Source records

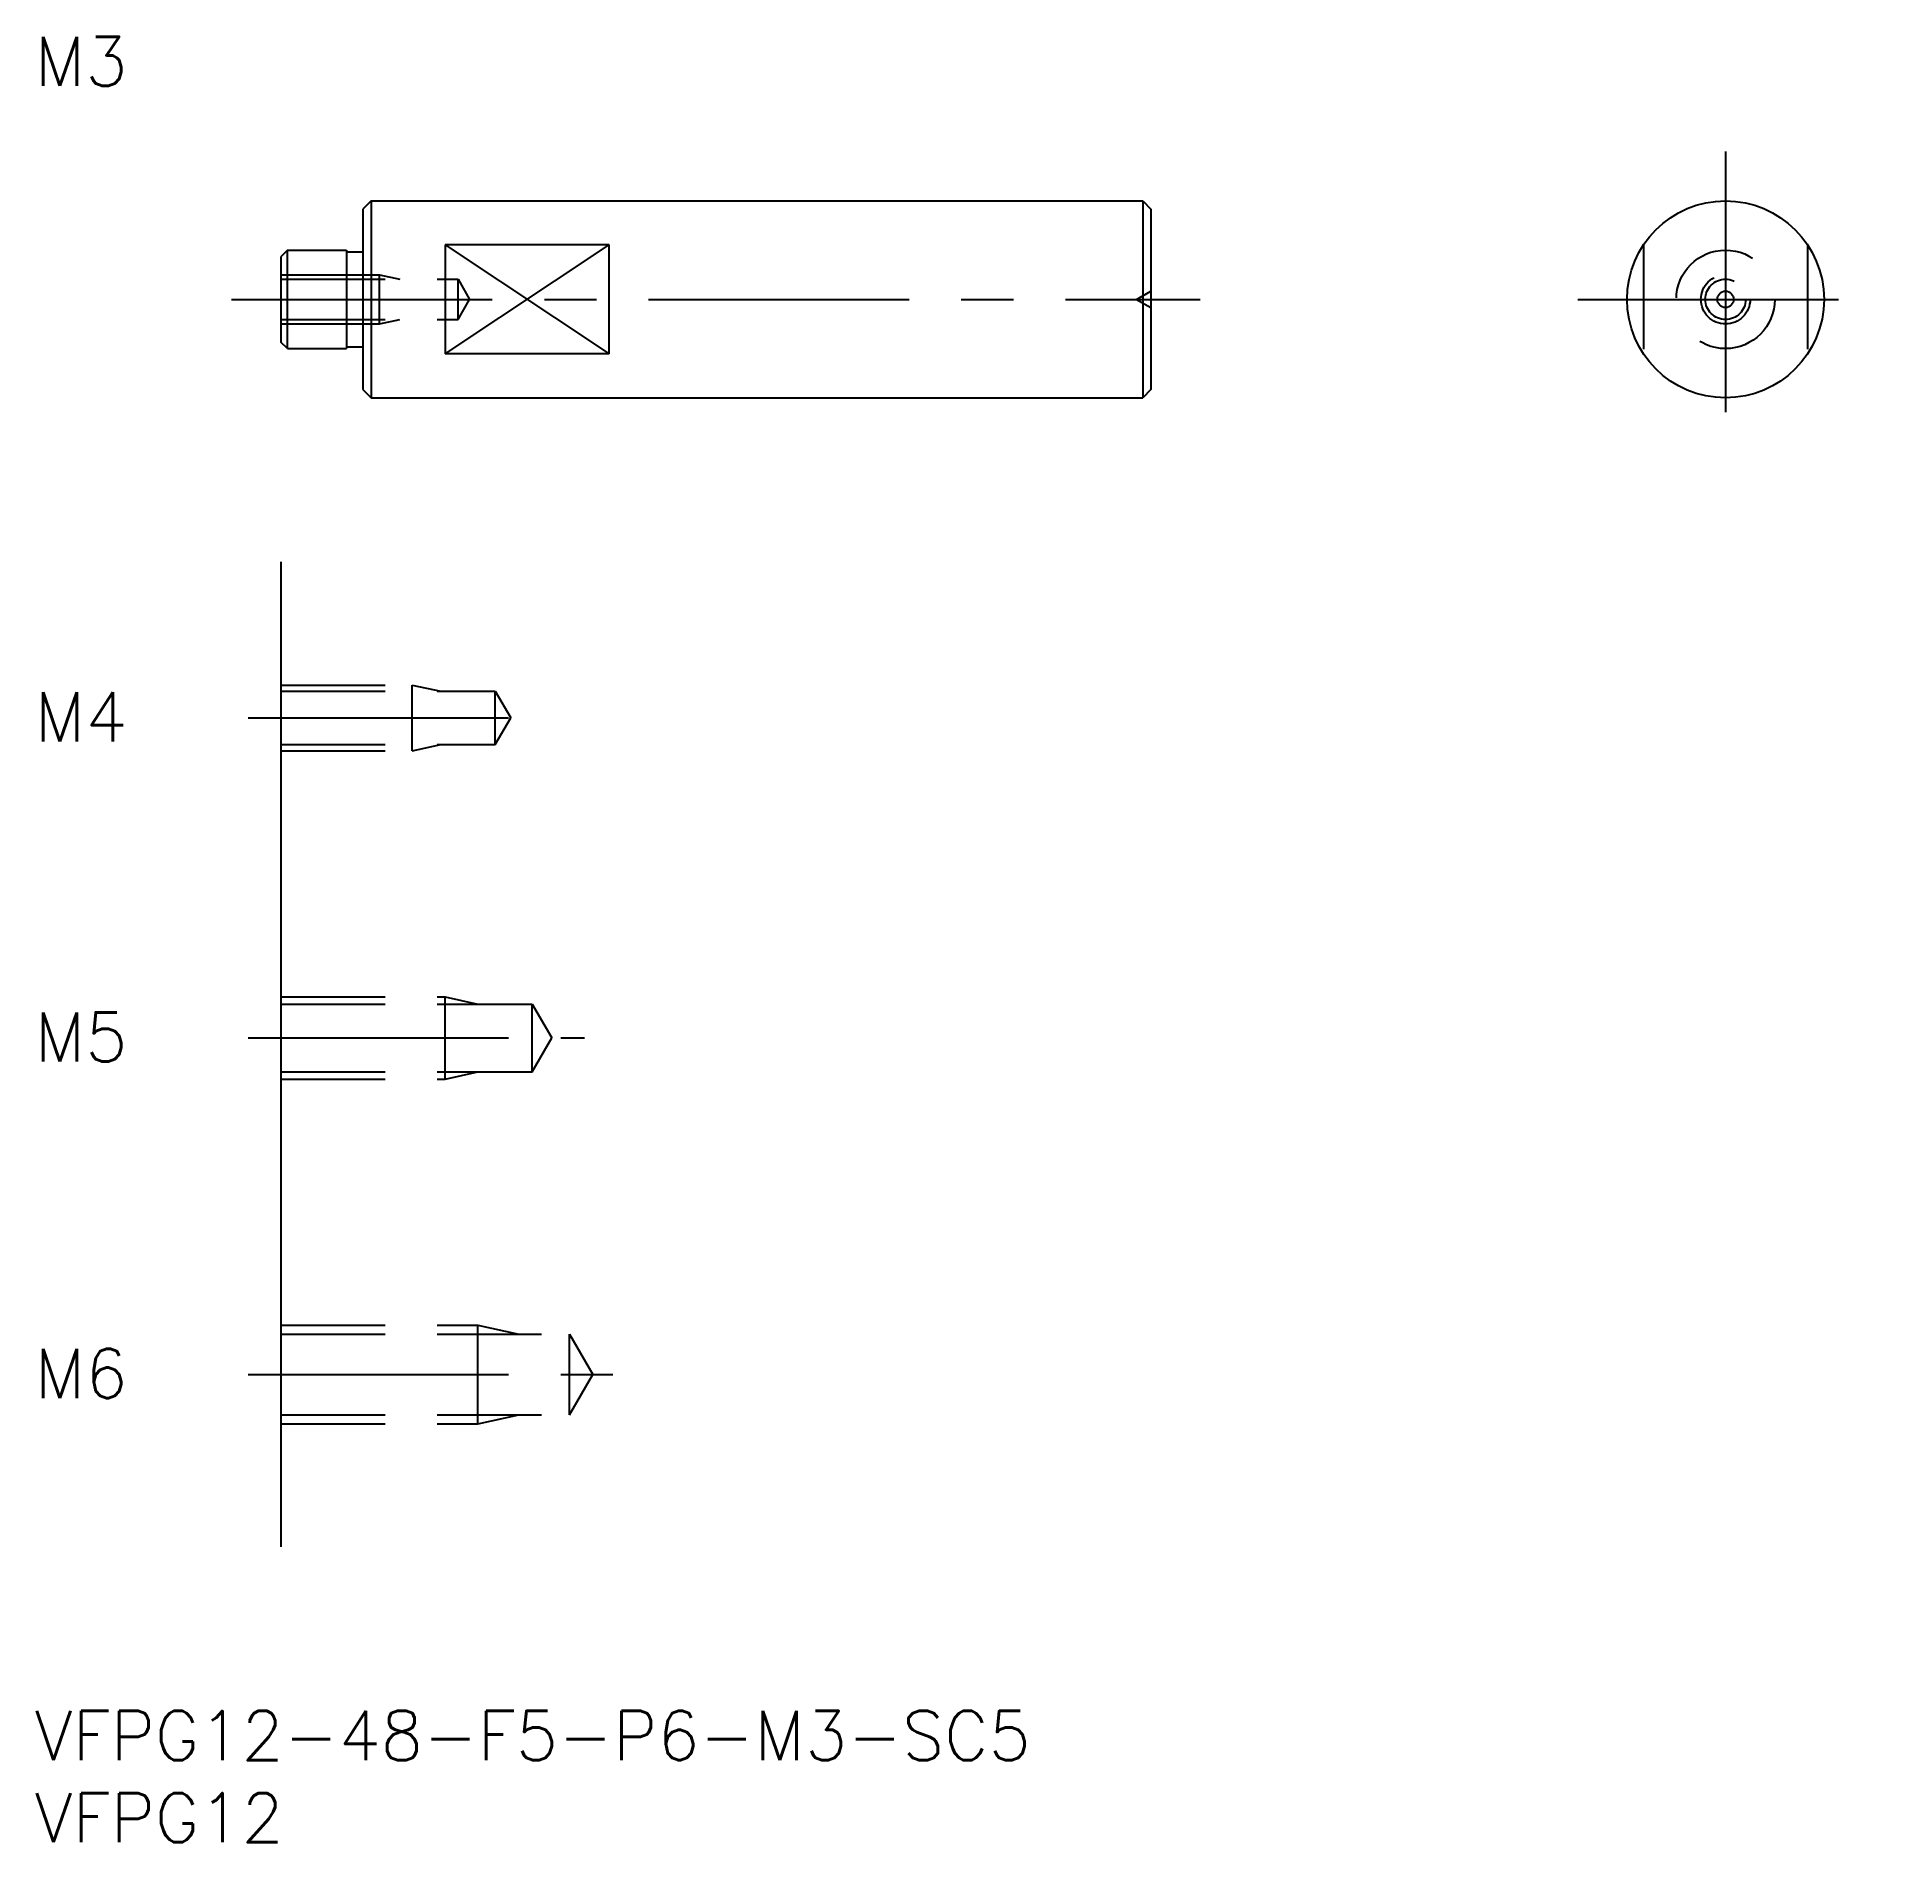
# Model space of a CAD drawing. Extents: x 0 to 112, y -8 to 102.
import ezdxf

# ---------------------------------------------------------------- set-up
doc = ezdxf.new("R2010")
doc.units = 0
doc.header["$LTSCALE"] = 0.5
doc.linetypes.add('CENTER', pattern=[50.8, 31.75, -6.35, 6.35, -6.35])
doc.linetypes.add('DASHED', pattern=[19.05, 12.7, -6.35])
for name, color, linetype in [('MSM_CENTER', 1, 'CENTER'), ('MSM_CONTINUOUS', 7, 'CONTINUOUS'), ('MSM_DASHED', 4, 'DASHED'), ('MSM_NARROW', 5, 'CONTINUOUS'), ('MSM_PART_NUMBER', 7, 'CONTINUOUS')]:
    doc.layers.add(name, color=color, linetype=linetype)
doc.styles.get("Standard").update_dxf_attribs({"font": 'txt.shx', "height": 3, "bigfont": 'bigfont.shx'})

# ---------------------------------------------------------------- blocks, each defined once
blk = doc.blocks.new('*U4')
at = {"layer": 'MSM_PART_NUMBER'}
blk.add_text('VFPG12-48-F5-P6-M3-SC5', height=3, dxfattribs=at).set_placement((0, -3))
blk = doc.blocks.new('*U5')
at = {"layer": 'MSM_PART_NUMBER'}
blk.add_text('VFPG12', height=3, dxfattribs=at).set_placement((0, -8))
blk = doc.blocks.new('*U6')
at = {"layer": 'MSM_PART_NUMBER'}
blk.add_text('M6', height=3, dxfattribs=at).set_placement((0, 19.06))
blk = doc.blocks.new('*U7')
at = {"layer": 'MSM_PART_NUMBER'}
blk.add_text('M5', height=3, dxfattribs=at).set_placement((0, 39.56))
blk = doc.blocks.new('*U8')
at = {"layer": 'MSM_PART_NUMBER'}
blk.add_text('M4', height=3, dxfattribs=at).set_placement((0, 59.06))
blk = doc.blocks.new('*U9')
at = {"layer": 'MSM_PART_NUMBER'}
blk.add_text('M3', height=3, dxfattribs=at).set_placement((0, 99))

msp = doc.modelspace()

# ---------------------------------------------------------------- linework, layer by layer
at = {"layer": 'MSM_CENTER'}
for p, q in [((103, 95), (103, 77)), ((12, 86), (71, 86)), ((94, 86), (112, 86)), ((13, 60.5), (31, 60.5)), ((13, 41), (33.5, 41)), ((13, 20.5), (36, 20.5))]:
    msp.add_line(p, q, dxfattribs=at)
at = {"layer": 'MSM_CONTINUOUS'}
for p, q in [((20.5, 92), (20, 91.5)), ((20.5, 92), (67.5, 92)), ((20.5, 92), (20.5, 80)), ((67.5, 92), (67.5, 80)), ((67.5, 92), (68, 91.5)), ((20, 91.5), (20, 80.5)), ((68, 91.5), (68, 80.5)), ((15.4, 89), (15, 88.6)), ((15, 88.6), (15, 83.4)), ((15.4, 89), (19, 89)), ((15.4, 83), (15.4, 89)), ((19, 89), (19, 83)), ((19, 88.9), (20, 88.9)), ((35, 89.32), (25, 89.32)), ((25, 89.32), (25, 82.68)), ((35, 82.68), (35, 89.32)), ((15.4, 83), (15, 83.4)), ((15.4, 83), (19, 83)), ((19, 83.1), (20, 83.1)), ((35, 82.68), (25, 82.68)), ((20, 80.5), (20.5, 80)), ((20.5, 80), (67.5, 80)), ((68, 80.5), (67.5, 80)), ((15, 70), (15, 10))]:
    msp.add_line(p, q, dxfattribs=at)
for radius in [6, 0.5]:
    msp.add_circle((103, 86), radius, dxfattribs=at)
at = {"layer": 'MSM_DASHED'}
for p, q in [((98, 89.32), (98, 82.68)), ((108, 89.32), (108, 82.68)), ((15, 87.5), (21, 87.5)), ((21, 87.5), (22.25, 87.23)), ((21, 84.5), (21, 87.5)), ((15, 87.23), (25.79, 87.23)), ((25.79, 84.77), (25.79, 87.23)), ((25.79, 87.23), (26.5, 86)), ((67.13, 86), (68, 86.5)), ((25.79, 84.77), (26.5, 86)), ((67.13, 86), (68, 85.5)), ((15, 84.77), (25.79, 84.77)), ((15, 84.5), (21, 84.5)), ((21, 84.5), (22.25, 84.77)), ((15, 62.5), (23, 62.5)), ((15, 62.12), (28.06, 62.12)), ((23, 58.5), (23, 62.5)), ((23, 62.5), (24.75, 62.12)), ((28.06, 58.88), (28.06, 62.12)), ((28.06, 62.12), (29, 60.5)), ((28.06, 58.88), (29, 60.5)), ((15, 58.88), (28.06, 58.88)), ((15, 58.5), (23, 58.5)), ((23, 58.5), (24.75, 58.88)), ((15, 43.5), (25, 43.5)), ((15, 43.07), (30.31, 43.07)), ((25, 38.5), (25, 43.5)), ((25, 43.5), (27, 43.07)), ((30.31, 38.93), (30.31, 43.07)), ((30.31, 43.07), (31.5, 41)), ((30.31, 38.93), (31.5, 41)), ((15, 38.93), (30.31, 38.93)), ((15, 38.5), (25, 38.5)), ((25, 38.5), (27, 38.93)), ((15, 23.5), (27, 23.5)), ((27, 17.5), (27, 23.5)), ((27, 23.5), (29.5, 22.96)), ((15, 22.96), (32.58, 22.96)), ((32.58, 18.04), (32.58, 22.96)), ((32.58, 22.96), (34, 20.5)), ((32.58, 18.04), (34, 20.5)), ((15, 18.04), (32.58, 18.04)), ((27, 17.5), (29.5, 18.04)), ((15, 17.5), (27, 17.5))]:
    msp.add_line(p, q, dxfattribs=at)
for radius in [3, 1.5, 1.23]:
    msp.add_circle((103, 86), radius, dxfattribs=at)
at = {"layer": 'MSM_NARROW'}
for p, q in [((25, 89.32), (35, 82.68)), ((25, 82.68), (35, 89.32))]:
    msp.add_line(p, q, dxfattribs=at)

# ---------------------------------------------------------------- block references
at = {"layer": 'MSM_CONTINUOUS'}
for name in ['*U9', '*U8', '*U7', '*U6', '*U4', '*U5']:
    msp.add_blockref(name, (0, 0), dxfattribs=at)

doc.saveas('drawing.dxf')

WHAT NEEDS TO BE DONE: Transcribe the entries above verbatim, omitting their pictures.

EXERCISE RESULT:
# Model space of a CAD drawing. Extents: x 0 to 112, y -8 to 102.
import ezdxf

# ---------------------------------------------------------------- set-up
doc = ezdxf.new("R2010")
doc.units = 0
doc.header["$LTSCALE"] = 0.5
doc.linetypes.add('CENTER', pattern=[50.8, 31.75, -6.35, 6.35, -6.35])
doc.linetypes.add('DASHED', pattern=[19.05, 12.7, -6.35])
for name, color, linetype in [('MSM_CENTER', 1, 'CENTER'), ('MSM_CONTINUOUS', 7, 'CONTINUOUS'), ('MSM_DASHED', 4, 'DASHED'), ('MSM_NARROW', 5, 'CONTINUOUS'), ('MSM_PART_NUMBER', 7, 'CONTINUOUS')]:
    doc.layers.add(name, color=color, linetype=linetype)
doc.styles.get("Standard").update_dxf_attribs({"font": 'txt.shx', "height": 3, "bigfont": 'bigfont.shx'})

# ---------------------------------------------------------------- blocks, each defined once
blk = doc.blocks.new('*U4')
at = {"layer": 'MSM_PART_NUMBER'}
blk.add_text('VFPG12-48-F5-P6-M3-SC5', height=3, dxfattribs=at).set_placement((0, -3))
blk = doc.blocks.new('*U5')
at = {"layer": 'MSM_PART_NUMBER'}
blk.add_text('VFPG12', height=3, dxfattribs=at).set_placement((0, -8))
blk = doc.blocks.new('*U6')
at = {"layer": 'MSM_PART_NUMBER'}
blk.add_text('M6', height=3, dxfattribs=at).set_placement((0, 19.06))
blk = doc.blocks.new('*U7')
at = {"layer": 'MSM_PART_NUMBER'}
blk.add_text('M5', height=3, dxfattribs=at).set_placement((0, 39.56))
blk = doc.blocks.new('*U8')
at = {"layer": 'MSM_PART_NUMBER'}
blk.add_text('M4', height=3, dxfattribs=at).set_placement((0, 59.06))
blk = doc.blocks.new('*U9')
at = {"layer": 'MSM_PART_NUMBER'}
blk.add_text('M3', height=3, dxfattribs=at).set_placement((0, 99))

msp = doc.modelspace()

# ---------------------------------------------------------------- linework, layer by layer
at = {"layer": 'MSM_CENTER'}
for p, q in [((103, 95), (103, 77)), ((12, 86), (71, 86)), ((94, 86), (112, 86)), ((13, 60.5), (31, 60.5)), ((13, 41), (33.5, 41)), ((13, 20.5), (36, 20.5))]:
    msp.add_line(p, q, dxfattribs=at)
at = {"layer": 'MSM_CONTINUOUS'}
for p, q in [((20.5, 92), (20, 91.5)), ((20.5, 92), (67.5, 92)), ((20.5, 92), (20.5, 80)), ((67.5, 92), (67.5, 80)), ((67.5, 92), (68, 91.5)), ((20, 91.5), (20, 80.5)), ((68, 91.5), (68, 80.5)), ((15.4, 89), (15, 88.6)), ((15, 88.6), (15, 83.4)), ((15.4, 89), (19, 89)), ((15.4, 83), (15.4, 89)), ((19, 89), (19, 83)), ((19, 88.9), (20, 88.9)), ((35, 89.32), (25, 89.32)), ((25, 89.32), (25, 82.68)), ((35, 82.68), (35, 89.32)), ((15.4, 83), (15, 83.4)), ((15.4, 83), (19, 83)), ((19, 83.1), (20, 83.1)), ((35, 82.68), (25, 82.68)), ((20, 80.5), (20.5, 80)), ((20.5, 80), (67.5, 80)), ((68, 80.5), (67.5, 80)), ((15, 70), (15, 10))]:
    msp.add_line(p, q, dxfattribs=at)
for radius in [6, 0.5]:
    msp.add_circle((103, 86), radius, dxfattribs=at)
at = {"layer": 'MSM_DASHED'}
for p, q in [((98, 89.32), (98, 82.68)), ((108, 89.32), (108, 82.68)), ((15, 87.5), (21, 87.5)), ((21, 87.5), (22.25, 87.23)), ((21, 84.5), (21, 87.5)), ((15, 87.23), (25.79, 87.23)), ((25.79, 84.77), (25.79, 87.23)), ((25.79, 87.23), (26.5, 86)), ((67.13, 86), (68, 86.5)), ((25.79, 84.77), (26.5, 86)), ((67.13, 86), (68, 85.5)), ((15, 84.77), (25.79, 84.77)), ((15, 84.5), (21, 84.5)), ((21, 84.5), (22.25, 84.77)), ((15, 62.5), (23, 62.5)), ((15, 62.12), (28.06, 62.12)), ((23, 58.5), (23, 62.5)), ((23, 62.5), (24.75, 62.12)), ((28.06, 58.88), (28.06, 62.12)), ((28.06, 62.12), (29, 60.5)), ((28.06, 58.88), (29, 60.5)), ((15, 58.88), (28.06, 58.88)), ((15, 58.5), (23, 58.5)), ((23, 58.5), (24.75, 58.88)), ((15, 43.5), (25, 43.5)), ((15, 43.07), (30.31, 43.07)), ((25, 38.5), (25, 43.5)), ((25, 43.5), (27, 43.07)), ((30.31, 38.93), (30.31, 43.07)), ((30.31, 43.07), (31.5, 41)), ((30.31, 38.93), (31.5, 41)), ((15, 38.93), (30.31, 38.93)), ((15, 38.5), (25, 38.5)), ((25, 38.5), (27, 38.93)), ((15, 23.5), (27, 23.5)), ((27, 17.5), (27, 23.5)), ((27, 23.5), (29.5, 22.96)), ((15, 22.96), (32.58, 22.96)), ((32.58, 18.04), (32.58, 22.96)), ((32.58, 22.96), (34, 20.5)), ((32.58, 18.04), (34, 20.5)), ((15, 18.04), (32.58, 18.04)), ((27, 17.5), (29.5, 18.04)), ((15, 17.5), (27, 17.5))]:
    msp.add_line(p, q, dxfattribs=at)
for radius in [3, 1.5, 1.23]:
    msp.add_circle((103, 86), radius, dxfattribs=at)
at = {"layer": 'MSM_NARROW'}
for p, q in [((25, 89.32), (35, 82.68)), ((25, 82.68), (35, 89.32))]:
    msp.add_line(p, q, dxfattribs=at)

# ---------------------------------------------------------------- block references
at = {"layer": 'MSM_CONTINUOUS'}
for name in ['*U9', '*U8', '*U7', '*U6', '*U4', '*U5']:
    msp.add_blockref(name, (0, 0), dxfattribs=at)

doc.saveas('drawing.dxf')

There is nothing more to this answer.